I want to parse recursive enum representing arithmetic expressions using Nom. I have the following code.
#[derive(Debug, PartialEq, Eq)]
enum ArithExp {
Const(i32),
Add(Rc<ArithExp>, Rc<ArithExp>),
}
#[allow(dead_code)]
fn parse_ae_const(input: &str) -> IResult<&str, ArithExp> {
let (input, (numb, _)) = pair(digit1, multispace0)(input)?;
println!("ok: {}", numb);
Ok((input, ArithExp::Const(numb.parse::<i32>().unwrap())))
}
#[allow(dead_code)]
fn parse_ae_add(input: &str) -> IResult<&str, ArithExp> {
let (input, (exp1, exp2)) = terminated(
separated_pair(parse_arithexp, tag(" + "), parse_arithexp),
multispace0,
)(input)?;
Ok((input, ArithExp::Add(Rc::new(exp1), Rc::new(exp2))))
}
#[allow(dead_code)]
fn parse_arithexp(input: &str) -> IResult<&str, ArithExp> {
alt((
parse_ae_add,
parse_ae_const,
))(input)
}
#[test]
fn arithexp1() {
assert_eq!(parse_ae_const("3"), Ok(("", ArithExp::Const(3))));
}
#[test]
fn arithexp2() {
assert_eq!(parse_arithexp("3"), Ok(("", ArithExp::Const(3))));
}
arithexp1
passes just fine, arithexp2
causes stack overflow on the other hand:
thread 'parser::tests::arithexp2' has overflowed its stack
fatal runtime error: stack overflow
It looks that parse_ae_add
causes a problem what may indicate that I'm parsing recursive enum incorrectly but I have literally no idea how to fix it.

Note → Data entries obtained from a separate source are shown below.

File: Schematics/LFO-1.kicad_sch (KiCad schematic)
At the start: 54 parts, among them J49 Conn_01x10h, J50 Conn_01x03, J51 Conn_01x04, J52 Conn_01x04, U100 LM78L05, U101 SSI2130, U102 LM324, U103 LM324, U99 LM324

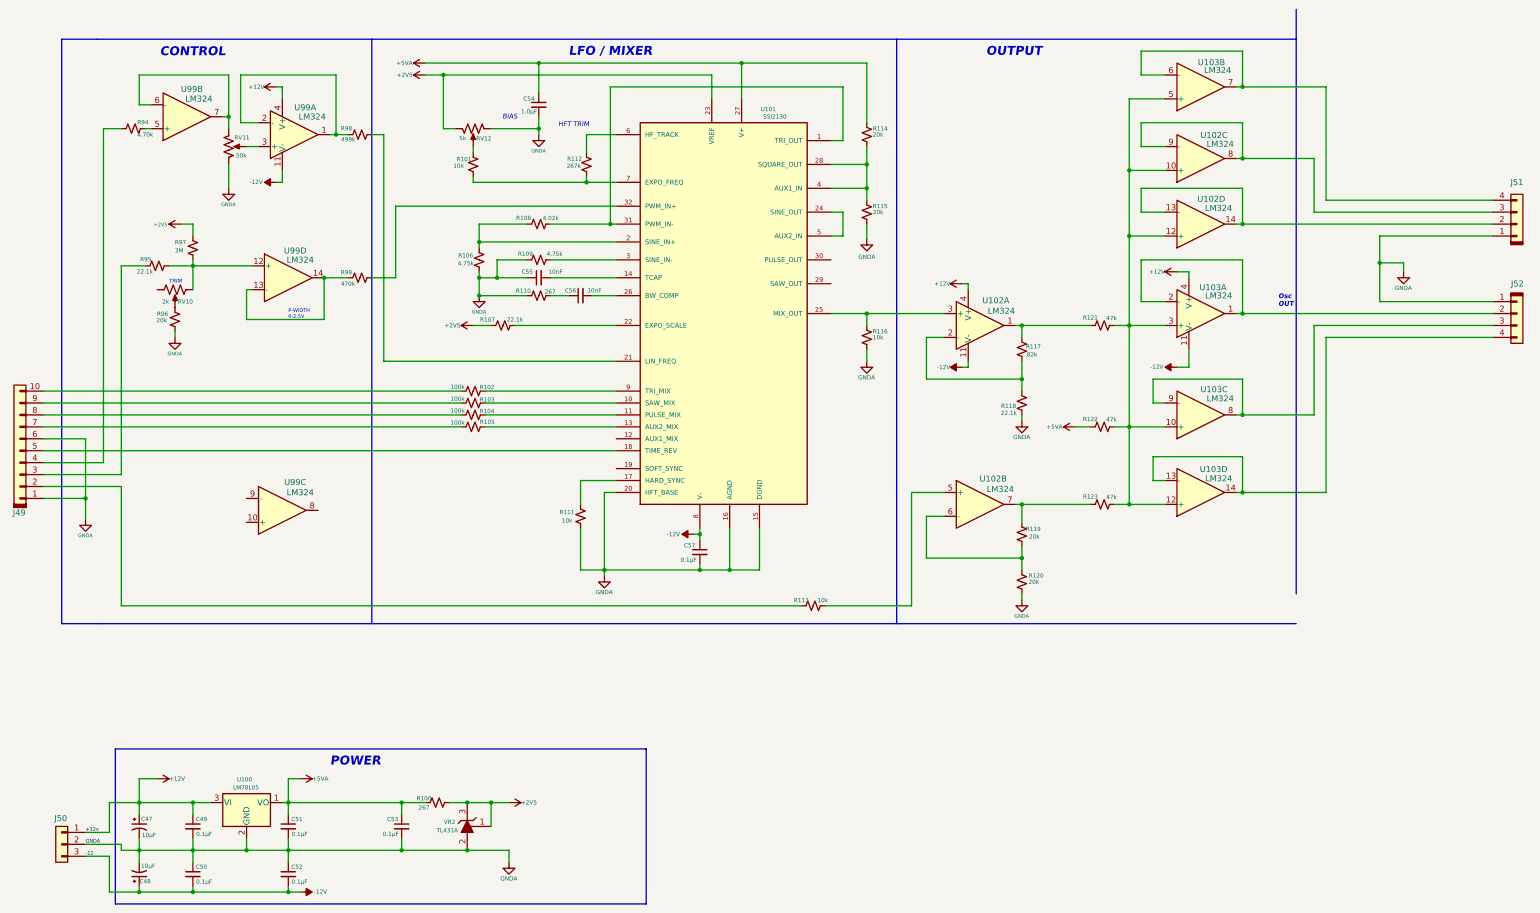
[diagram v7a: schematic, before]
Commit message: Partial software with complete hardware on best 3 state filter with 4 outputs.
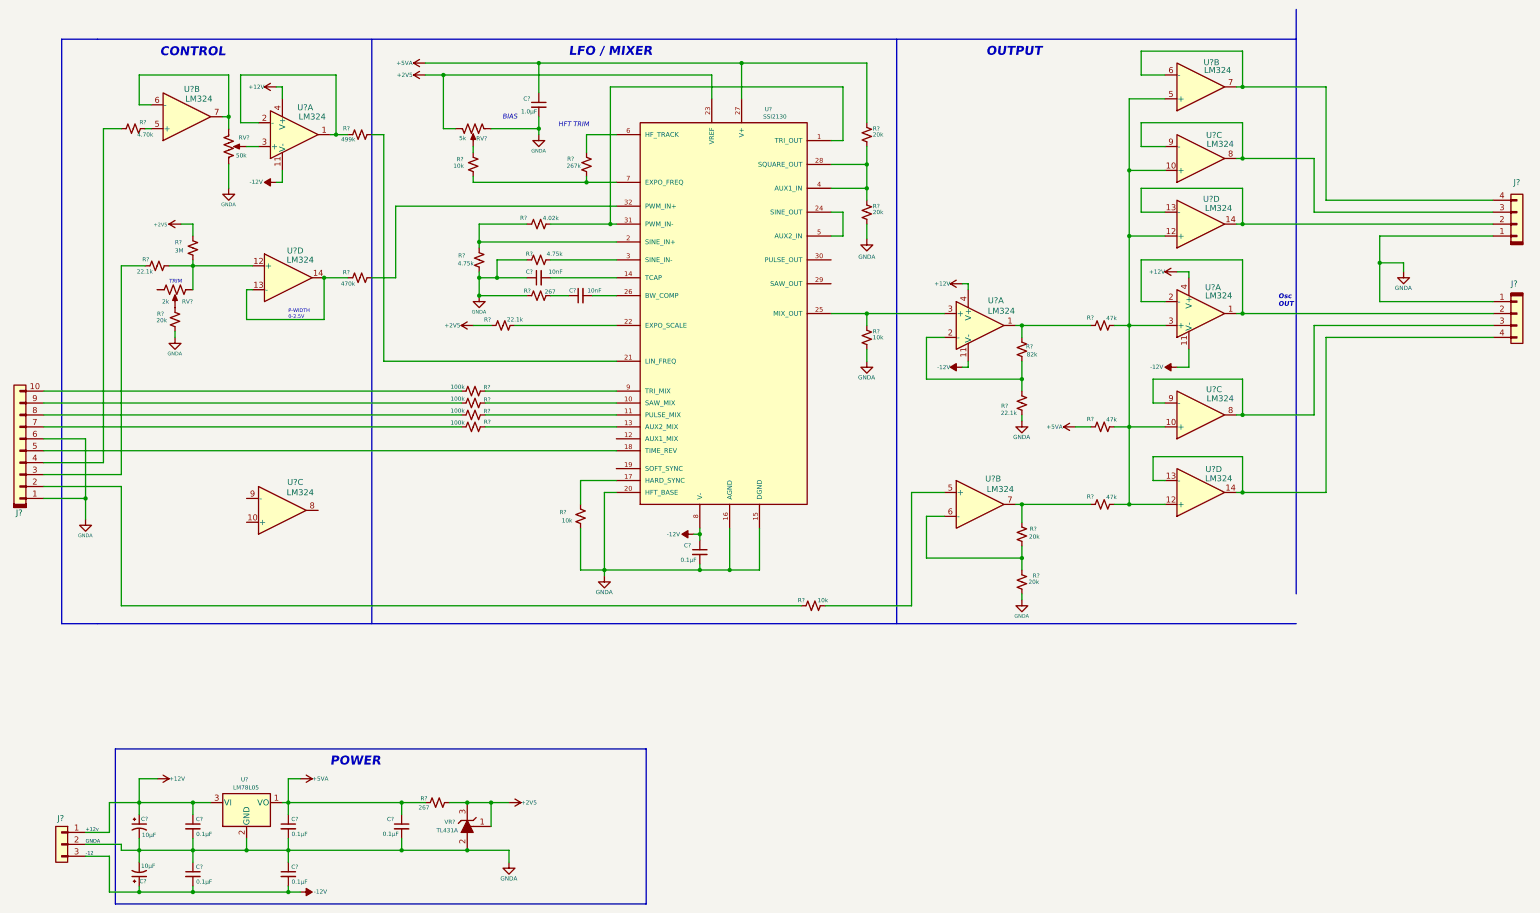
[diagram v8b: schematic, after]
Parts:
- renumbered C57 to C?, C47 to C?, C55 to C?, C49 to C?, C52 to C?, C56 to C?, C48 to C?, C50 to C?, C51 to C?, C53 to C?, C54 to C?, J49 to J?, J50 to J?, J52 to J?, J51 to J?, R115 to R?, R107 to R?, R95 to R?, R94 to R?, R120 to R?, R100 to R?, R99 to R?, R97 to R?, R106 to R?, R112 to R?, R119 to R?, R123 to R?, R114 to R?, R103 to R?, R111 to R?, R117 to R?, R102 to R?, R121 to R?, R116 to R?, R122 to R?, R96 to R?, R109 to R?, R105 to R?, R108 to R?, R113 to R?, R118 to R?, R104 to R?, R98 to R?, R101 to R?, R110 to R?, RV10 to RV?, RV11 to RV?, RV12 to RV?, U99 to U?, U103 to U?, U102 to U?, U100 to U?, U101 to U?, VR2 to VR?
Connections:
- net at RV?. (3): now also R?.1

As kmdreko's comment outlines, this is because parse_arithexp
calls parse_ae_add
, which immediately calls parse_arithexp
on the same input. This is called left-recursion, and is something that cannot be directly evaluated by recursive descent parsers (like this one). Instead, you must add a 'base case': instead of trying to parse ae_add -> ae_add " + " ae_add
directly, you can parse ae_add -> ae_const " + " ae_add
and achieve the same thing:
#[allow(dead_code)]
fn parse_ae_add(input: &str) -> IResult<&str, ArithExp> {
let (input, (exp1, exp2)) = terminated(
separated_pair(parse_ae_const, tag("+ "), parse_arithexp),
multispace0,
)(input)?;
Ok((input, ArithExp::Add(Rc::new(exp1), Rc::new(exp2))))
}
(Note: tag(" + ")
was changed to tag("+ ")
, because the parse_ae_const
parser consumes any whitespace after it.)